The other Comp case decided today is United Airlines v. Hayes. It contains two rulings, but probably only one is significant enough to get this one published. The employee was injured on the job in 2004; the employer accepted the claim as compensable. The injuries were to the employee’s back, left arm, and left knee, but the most significant one was a traumatic brain injury.
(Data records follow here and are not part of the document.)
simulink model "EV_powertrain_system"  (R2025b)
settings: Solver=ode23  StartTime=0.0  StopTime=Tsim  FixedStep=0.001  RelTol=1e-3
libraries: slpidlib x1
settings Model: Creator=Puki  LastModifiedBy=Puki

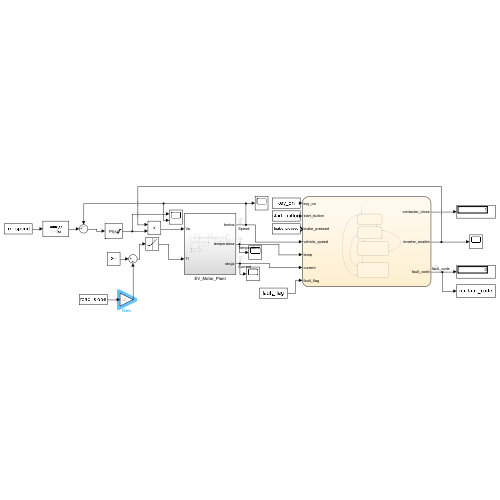
[thumbnail: Simulink's stored preview of the top-level diagram]
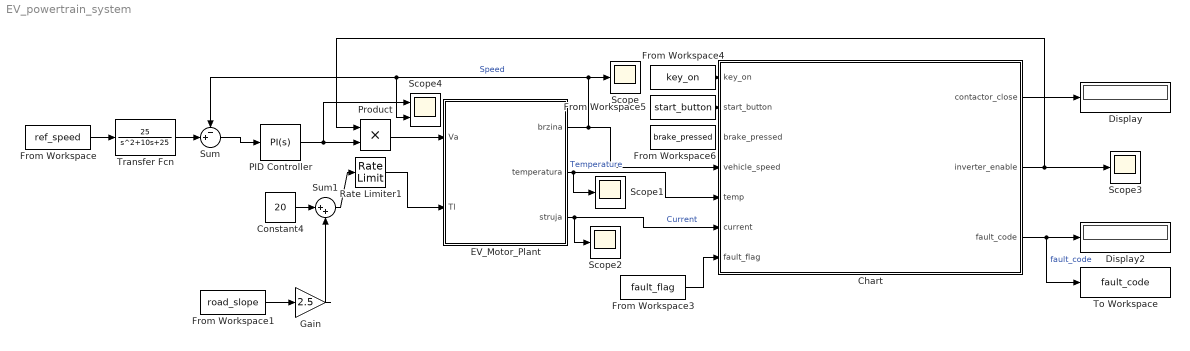
== system EV_powertrain_system ==
  Chart : Stateflow chart  TreatAsAtomicUnit=on
  Constant4 : Constant  Value=20
  Display : Display
  Display2 : Display
  EV_Motor_Plant : Subsystem
  From Workspace : FromWorkspace  VariableName=ref_speed
  From Workspace1 : FromWorkspace  VariableName=road_slope
  From Workspace3 : FromWorkspace  VariableName=fault_flag
  From Workspace4 : FromWorkspace  VariableName=key_on
  From Workspace5 : FromWorkspace  VariableName=start_button
  From Workspace6 : FromWorkspace  VariableName=brake_pressed
  Gain : Gain  Gain=2.5
  PID Controller : slpidlib/PID Controller  Controller=PI  Form=Parallel  TimeDomain=Continuous-time  UseExternalTs=off  SampleTime=-1  IntegratorMethod=Forward Euler  FilterMethod=Forward Euler  ControllerParametersSource=internal  P=0.62  I=16.6  UseKiTs=off  D=0  UseExternalDerivativeSource=off  N=100  UseFilter=on  TunerSelectOption=Transfer Function Based (PID Tuner App)  InitialConditionSource=internal  InitialConditionForIntegrator=0  InitialConditionForFilter=0  DifferentiatorICPrevScaledInput=0  ExternalReset=none  TrackingMode=off  Kt=1  LimitOutput=on  SatLimitsSource=internal  UpperSaturationLimit=160  LowerSaturationLimit=-160  LinearizeAsGain=on  AntiWindupMode=clamping  Kb=1  LimitIntegrator=off  UpperIntegratorSaturationLimit=inf  LowerIntegratorSaturationLimit=-inf  POutMin=[]  POutMax=[]  IOutMin=[]  IOutMax=[]  DOutMin=[]  DOutMax=[]  NOutMin=[]  NOutMax=[]  SumOutMin=[]  SumOutMax=[]  SaturationOutMin=[]  SaturationOutMax=[]  PParamMin=[]  PParamMax=[]  IParamMin=[]  IParamMax=[]  DParamMin=[]  DParamMax=[]  NParamMin=[]  NParamMax=[]  KbParamMin=[]  KbParamMax=[]  KtParamMin=[]  KtParamMax=[]  KbOutMin=[]  KbOutMax=[]  KtOutMin=[]  KtOutMax=[]  IntegratorOutMin=[]  IntegratorOutMax=[]  FilterOutMin=[]  FilterOutMax=[]  SumI1OutMin=[]  SumI1OutMax=[]  SumI2OutMin=[]  SumI2OutMax=[]  SumI3OutMin=[]  SumI3OutMax=[]  SumI4OutMin=[]  SumI4OutMax=[]  SumDOutMin=[]  SumDOutMax=[]  DifferentiatorOutMin=[]  DifferentiatorOutMax=[]  FilterDiffOutCoefMin=[]  FilterDiffOutCoefMax=[]  ReciprocalOutMin=[]  ReciprocalOutMax=[]  SumDenOutMin=[]  SumDenOutMax=[]  SumNumOutMin=[]  SumNumOutMax=[]  DivideOutMin=[]  DivideOutMax=[]  UdiffTsProdOutMin=[]  UdiffTsProdOutMax=[]  NTsProdOutMin=[]  NTsProdOutMax=[]  UintegralTsProdOutMin=[]  UintegralTsProdOutMax=[]  UngainTsProdOutMin=[]  UngainTsProdOutMax=[]  ClampingZeroOutDataTypeStr=Inherit: Inherit via back propagation  ClampingZeroOutMin=[]  ClampingZeroOutMax=[]  FilterDenConstantOutDataTypeStr=Inherit: Inherit via back propagation  FilterDenConstantOutMin=[]  FilterDenConstantOutMax=[]  PCopyOutDataTypeStr=Inherit: Inherit via back propagation  PCopyOutMin=[]  PCopyOutMax=[]  NCopyOutDataTypeStr=Inherit: Inherit via back propagation  NCopyOutMin=[]  NCopyOutMax=[]  IntegratorContinuousStateAttributes=''  IntegratorStateMustResolveToSignalObject=off  IntegratorRTWStateStorageClass=Auto  FilterContinuousStateAttributes=''  FilterStateMustResolveToSignalObject=off  FilterRTWStateStorageClass=Auto  ParallelPVariant=InternalParameters  IdealPVariant=Disabled  IVariant=InternalParameters  DVariant=Disabled  IntegratorVariant=Continuous  SatVariant=Enabled  AWVariant=ContClampingParallel  PCopyVariant=Disabled  TRVariant=Disabled  FdbkBlocksVariant=Forward  IdealPFdbkVariant=Disabled  SatFdbkVariant=Disabled  DerivativeFilterVariant=Disabled  NVariant=Disabled  NCopyVariant=Disabled_SignalSpec  FilterICVariant=Disabled  IntegratorICVariant=InternalICs  ExternalResetVariant=Disabled  TRSumVariant=Passthrough  SumFdbkVariant=Disabled  SumVariant=Sum_PI  TsampFilterVariant=InternalTs  TsampNgainVariant=Passthrough  TsampIntegralVariant=Disabled_SignalSpec  ExternalSaturationOutDataTypeStr=Inherit: Same as second input  DerivativeSourceVariant=Disabled  PreIntVariant=InternalPreInt
  Product : Product
  Rate Limiter1 : RateLimiter  RisingSlewLimit=15  FallingSlewLimit=-15  SampleTimeMode=inherited
  Scope{,1..3} (4 alike) : Scope
      Scope settings: ActiveDisplayYMinimum=-24.348264810782677  ActiveDisplayYMaximum=218.98794104352643  DataLoggingVariableName=Speed
      Scope1 settings: ActiveDisplayYMinimum=17.262147871084181  ActiveDisplayYMaximum=94.6406691602424  DataLoggingVariableName=Temperature
      Scope2 settings: ActiveDisplayYMinimum=-6.0216956113141666  ActiveDisplayYMaximum=54.195260501827519  DataLoggingVariableName=Current
      Scope3 settings: ActiveDisplayYMinimum=-40.760867363002731  ActiveDisplayYMaximum=4.5289852625558584  DataLoggingVariableName=ScopeData3
  Scope4 : Scope  NumInputPorts=2
      settings: ActiveDisplayYMinimum=-25.008807717293497  ActiveDisplayYMaximum=225.02912640811783  DataLoggingVariableName=ScopeData4
  Sum : Sum  Inputs=-+|
  Sum1 : Sum  Inputs=|++
  To Workspace : ToWorkspace  VariableName=fault_code  SampleTime=-1
  Transfer Fcn : TransferFcn  Numerator=[25]  Denominator=[1 10 25]
  wires:
  Chart/1(contactor_close) -> Display/1
  EV_Motor_Plant/1(brzina) -> Chart/4(vehicle_speed), Scope/1, Scope4/2, Sum/1  "Speed"
  EV_Motor_Plant/3(struja) -> Scope2/1, Chart/6(current)  "Current"
  EV_Motor_Plant/2(temperatura) -> Scope1/1, Chart/5(temp)  "Temperature"
  From Workspace3/1 -> Chart/7(fault_flag)
  Chart/3(fault_code) -> To Workspace/1, Display2/1  "fault_code"
  Chart/2(inverter_enable) -> Scope3/1, Product/1
  Sum/1 -> PID Controller/1
  PID Controller/1 -> Scope4/1, Product/2
  Product/1 -> EV_Motor_Plant/1(Va)
  Rate Limiter1/1 -> EV_Motor_Plant/2(Tl)
  From Workspace/1 -> Transfer Fcn/1
  Transfer Fcn/1 -> Sum/2
  Constant4/1 -> Sum1/1
  Sum1/1 -> Rate Limiter1/1
  Gain/1 -> Sum1/2
  From Workspace1/1 -> Gain/1
  From Workspace4/1 -> Chart/1(key_on)
  From Workspace5/1 -> Chart/2(start_button)

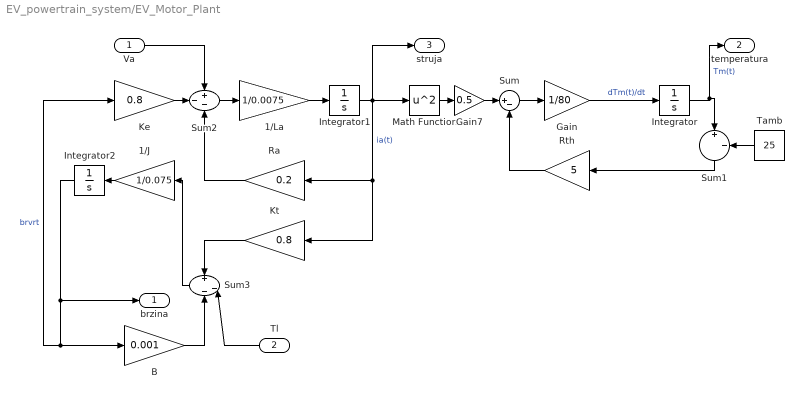
== system EV_powertrain_system/EV_Motor_Plant ==
  Va : Inport
  Tl : Inport  Port=2
  1/J : Gain  Gain=1/0.075
  1/La : Gain  Gain=1/0.0075
  B : Gain  Gain=0.001
  Gain : Gain  Gain=1/80
  Gain7 : Gain  Gain=0.5
  Integrator : Integrator  InitialCondition=25
  Integrator1 : Integrator
  Integrator2 : Integrator
  Ke : Gain  Gain=0.8
  Kt : Gain  Gain=0.8
  Math Function : Math  Operator=square
  Ra : Gain  Gain=0.2
  Rth : Gain  Gain=5
  Sum : Sum  Inputs=|+-
  Sum1 : Sum  Inputs=||+|-
  Sum2 : Sum  Inputs=+--
  Sum3 : Sum  Inputs=+|--
  Tamb : Constant  Value=25
  brzina : Outport
  temperatura : Outport  Port=2
  struja : Outport  Port=3
  wires:
  Integrator/1 -> temperatura/1, Sum1/1  "Tm(t)"
  Integrator2/1 -> brzina/1, Ke/1, B/1  "brvrt"
  1/La/1 -> Integrator1/1
  Tl/1 -> Sum3/2
  Integrator1/1 -> Math Function/1, struja/1, Kt/1, Ra/1  "ia(t)"
  B/1 -> Sum3/3
  1/J/1 -> Integrator2/1
  Ra/1 -> Sum2/3
  Sum1/1 -> Rth/1
  Rth/1 -> Sum/2
  Math Function/1 -> Gain7/1
  Tamb/1 -> Sum1/2
  Gain/1 -> Integrator/1  "dTm(t)/dt"
  Sum3/1 -> 1/J/1
  Sum/1 -> Gain/1
  Sum2/1 -> 1/La/1
  Ke/1 -> Sum2/2
  Gain7/1 -> Sum/1
  Va/1 -> Sum2/1
  Kt/1 -> Sum3/1

== stateflow chart EV_powertrain_system/Chart ==
  state Off
    entry:
    contactor_close = 0;
    inverter_enable = 0;
    fault_code = 0;
  state Standby
    entry:
    contactor_close = 1;
    inverter_enable = 0;
    fault_code = 0;
  state Drive
    entry:
    contactor_close = 1;
    inverter_enable = 1;
    fault_code = 0;
  state Fault
    entry:
    contactor_close = 0;
    inverter_enable = 0;
    fault_code = 1;
  (default) -> Off
  Off -> Fault [order 1] : [fault_flag == 1 || temp > 110 || current > 250]
  Off -> Standby [order 2] : [key_on ==1 && fault_flag == 0]
  Drive -> Standby [order 2] : [vehicle_speed == 0 && brake_pressed == 1]
  Standby -> Fault [order 1] : [fault_flag == 1 || temp > 110 || current > 250]
  Standby -> Drive [order 2] : [brake_pressed == 0 && start_button == 1]
  Drive -> Fault [order 1] : [fault_flag == 1 || temp > 110 || current > 250]
  data: key_on input; start_button input; brake_pressed input; vehicle_speed input; temp input; current input; fault_flag input; contactor_close output; inverter_enable output; fault_code output

Two years later, while still unable to return to work, the employee was in an auto collision and apparently aggravated some of his previous injuries, though not the brain injury. A year after the accident, and without formally reporting it to the employer, he settled his personal-injury claim arising out of the collision.

The problem with this is that by statute, the employer has a right of subrogation against any third party who (1) causes or (2) aggravates a compensable injury, and by settling, the employee effectively waived that subrogation right. The employer moved to terminate benefits because of that. A deputy commissioner agreed with the employer, but the full commission reversed and rued in favor of the employee.

Today’s ruling focuses on the brain injury, since that’s the primary basis for the disability. The court notes that the medical records don’t indicate any aggravation of the brain injury, so the compromise of, say, a back-injury claim can’t relieve the employer of all duties to provide compensation. The ultimate ruling is that a waiver of these claims isn’t evaluated as a whole; it’s properly evaluated body part by body part. The employer had argued that the prejudice it suffered was enough to disqualify the claimant from all benefits, but the court finds that a restrictive interpretation like that would subvert the remedial purpose of the Comp Act.

After making this key ruling, the court goes on to find that the evidence supported a finding that the collision didn’t aggravate the brain injury. But as noted above, I think the first ruling is the one that gets this one published.